SUPPLIED DATA Start Marker
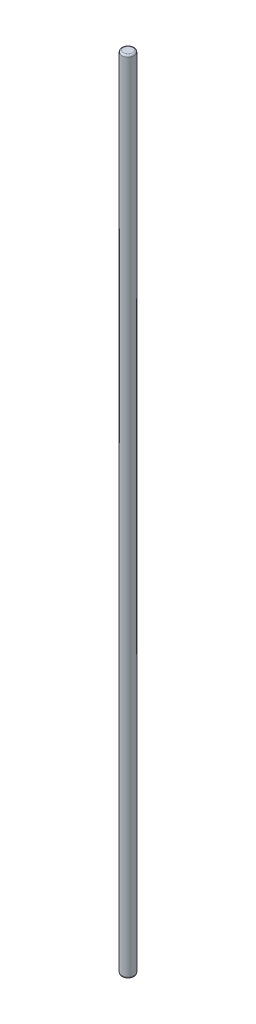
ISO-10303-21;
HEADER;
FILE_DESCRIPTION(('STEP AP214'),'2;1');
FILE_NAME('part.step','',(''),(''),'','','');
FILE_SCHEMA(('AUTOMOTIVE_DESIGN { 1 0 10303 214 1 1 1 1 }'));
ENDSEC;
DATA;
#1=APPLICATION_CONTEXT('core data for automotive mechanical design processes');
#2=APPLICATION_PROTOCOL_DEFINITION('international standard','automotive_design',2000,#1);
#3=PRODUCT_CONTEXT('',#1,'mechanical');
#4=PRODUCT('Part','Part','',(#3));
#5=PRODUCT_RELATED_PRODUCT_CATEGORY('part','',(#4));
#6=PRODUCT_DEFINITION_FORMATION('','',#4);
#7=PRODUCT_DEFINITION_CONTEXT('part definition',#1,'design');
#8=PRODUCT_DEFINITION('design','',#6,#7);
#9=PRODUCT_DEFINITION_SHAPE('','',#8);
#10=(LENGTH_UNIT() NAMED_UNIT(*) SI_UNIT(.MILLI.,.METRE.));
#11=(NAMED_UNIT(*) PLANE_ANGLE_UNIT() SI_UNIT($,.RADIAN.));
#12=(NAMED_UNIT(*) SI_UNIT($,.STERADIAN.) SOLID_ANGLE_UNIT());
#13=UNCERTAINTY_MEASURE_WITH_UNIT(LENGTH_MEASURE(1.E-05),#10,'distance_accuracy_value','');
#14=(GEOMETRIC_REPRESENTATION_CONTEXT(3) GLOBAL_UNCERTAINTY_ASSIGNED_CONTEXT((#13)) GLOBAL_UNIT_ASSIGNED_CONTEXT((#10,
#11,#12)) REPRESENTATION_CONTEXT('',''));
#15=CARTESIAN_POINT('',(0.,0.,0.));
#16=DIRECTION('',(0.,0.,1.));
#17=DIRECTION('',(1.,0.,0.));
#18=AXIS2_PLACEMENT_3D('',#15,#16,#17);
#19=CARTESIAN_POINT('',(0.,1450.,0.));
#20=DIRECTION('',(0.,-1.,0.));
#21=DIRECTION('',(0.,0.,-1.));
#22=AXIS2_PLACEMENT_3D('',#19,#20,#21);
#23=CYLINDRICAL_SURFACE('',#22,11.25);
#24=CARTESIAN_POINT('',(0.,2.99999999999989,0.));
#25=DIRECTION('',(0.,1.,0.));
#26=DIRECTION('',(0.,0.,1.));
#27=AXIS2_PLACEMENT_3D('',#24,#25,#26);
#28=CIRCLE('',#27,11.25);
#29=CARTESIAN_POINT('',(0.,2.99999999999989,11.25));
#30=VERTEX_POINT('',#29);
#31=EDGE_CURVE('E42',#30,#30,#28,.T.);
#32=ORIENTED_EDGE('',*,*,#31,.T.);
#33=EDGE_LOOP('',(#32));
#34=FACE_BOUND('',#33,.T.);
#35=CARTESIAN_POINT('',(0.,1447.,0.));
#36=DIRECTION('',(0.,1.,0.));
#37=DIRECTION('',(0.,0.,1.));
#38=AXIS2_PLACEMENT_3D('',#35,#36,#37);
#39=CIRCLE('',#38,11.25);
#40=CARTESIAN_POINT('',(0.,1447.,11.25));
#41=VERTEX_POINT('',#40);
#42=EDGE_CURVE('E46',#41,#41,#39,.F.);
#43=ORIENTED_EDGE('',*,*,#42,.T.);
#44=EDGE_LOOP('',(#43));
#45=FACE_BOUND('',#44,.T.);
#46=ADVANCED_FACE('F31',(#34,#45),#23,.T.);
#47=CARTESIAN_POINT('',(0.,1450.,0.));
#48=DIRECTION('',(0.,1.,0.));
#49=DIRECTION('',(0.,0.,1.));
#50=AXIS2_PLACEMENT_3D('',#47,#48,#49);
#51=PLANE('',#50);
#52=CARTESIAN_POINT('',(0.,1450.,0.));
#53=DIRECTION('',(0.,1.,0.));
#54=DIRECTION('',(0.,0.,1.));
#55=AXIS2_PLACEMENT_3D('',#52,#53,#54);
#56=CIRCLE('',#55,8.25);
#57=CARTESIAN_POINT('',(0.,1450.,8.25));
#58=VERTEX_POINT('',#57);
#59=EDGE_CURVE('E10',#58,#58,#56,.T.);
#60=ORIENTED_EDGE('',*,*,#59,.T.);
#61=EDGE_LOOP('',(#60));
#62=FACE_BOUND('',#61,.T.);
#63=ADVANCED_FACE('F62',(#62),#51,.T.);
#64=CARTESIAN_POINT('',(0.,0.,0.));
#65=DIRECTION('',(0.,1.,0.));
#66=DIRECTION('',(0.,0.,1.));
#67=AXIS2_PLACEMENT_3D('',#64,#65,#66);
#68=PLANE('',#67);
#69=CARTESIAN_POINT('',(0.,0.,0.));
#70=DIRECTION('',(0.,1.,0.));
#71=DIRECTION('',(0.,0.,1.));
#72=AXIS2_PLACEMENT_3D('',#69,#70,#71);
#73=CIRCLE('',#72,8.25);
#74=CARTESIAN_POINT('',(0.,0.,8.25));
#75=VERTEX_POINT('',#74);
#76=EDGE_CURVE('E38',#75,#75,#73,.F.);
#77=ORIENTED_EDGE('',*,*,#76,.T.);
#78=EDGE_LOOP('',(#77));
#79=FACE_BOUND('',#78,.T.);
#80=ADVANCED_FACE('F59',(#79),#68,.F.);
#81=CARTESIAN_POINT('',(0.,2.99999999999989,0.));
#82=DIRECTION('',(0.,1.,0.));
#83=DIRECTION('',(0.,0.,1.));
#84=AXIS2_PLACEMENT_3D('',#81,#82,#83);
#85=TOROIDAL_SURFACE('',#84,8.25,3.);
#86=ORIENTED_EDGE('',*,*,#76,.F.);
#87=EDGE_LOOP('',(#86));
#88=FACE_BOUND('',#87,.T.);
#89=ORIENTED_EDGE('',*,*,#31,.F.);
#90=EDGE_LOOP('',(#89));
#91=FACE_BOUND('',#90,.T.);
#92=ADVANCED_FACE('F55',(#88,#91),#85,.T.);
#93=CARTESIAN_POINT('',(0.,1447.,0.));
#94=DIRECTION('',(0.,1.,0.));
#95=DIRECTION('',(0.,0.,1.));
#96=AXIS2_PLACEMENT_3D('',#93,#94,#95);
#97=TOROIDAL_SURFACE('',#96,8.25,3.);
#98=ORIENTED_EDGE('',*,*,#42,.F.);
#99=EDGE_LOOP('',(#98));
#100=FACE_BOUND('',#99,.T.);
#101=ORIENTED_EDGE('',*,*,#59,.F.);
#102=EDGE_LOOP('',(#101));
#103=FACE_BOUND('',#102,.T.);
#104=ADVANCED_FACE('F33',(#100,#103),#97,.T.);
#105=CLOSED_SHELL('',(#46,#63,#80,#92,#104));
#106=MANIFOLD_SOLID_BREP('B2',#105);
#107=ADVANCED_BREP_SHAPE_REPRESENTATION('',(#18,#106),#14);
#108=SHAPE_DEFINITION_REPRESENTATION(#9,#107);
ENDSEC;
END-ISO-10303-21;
SUPPLIED DATA End Marker
THE TASK: Going down the listing above, begin printing at the line with "#49=DIRECTION('',(0.,0.,1.));" and finish with the line with "#66=DIRECTION('',(0.,0.,1.));", exactly as they appear.

RESPONSE AREA:
#49=DIRECTION('',(0.,0.,1.));
#50=AXIS2_PLACEMENT_3D('',#47,#48,#49);
#51=PLANE('',#50);
#52=CARTESIAN_POINT('',(0.,1450.,0.));
#53=DIRECTION('',(0.,1.,0.));
#54=DIRECTION('',(0.,0.,1.));
#55=AXIS2_PLACEMENT_3D('',#52,#53,#54);
#56=CIRCLE('',#55,8.25);
#57=CARTESIAN_POINT('',(0.,1450.,8.25));
#58=VERTEX_POINT('',#57);
#59=EDGE_CURVE('E10',#58,#58,#56,.T.);
#60=ORIENTED_EDGE('',*,*,#59,.T.);
#61=EDGE_LOOP('',(#60));
#62=FACE_BOUND('',#61,.T.);
#63=ADVANCED_FACE('F62',(#62),#51,.T.);
#64=CARTESIAN_POINT('',(0.,0.,0.));
#65=DIRECTION('',(0.,1.,0.));
#66=DIRECTION('',(0.,0.,1.));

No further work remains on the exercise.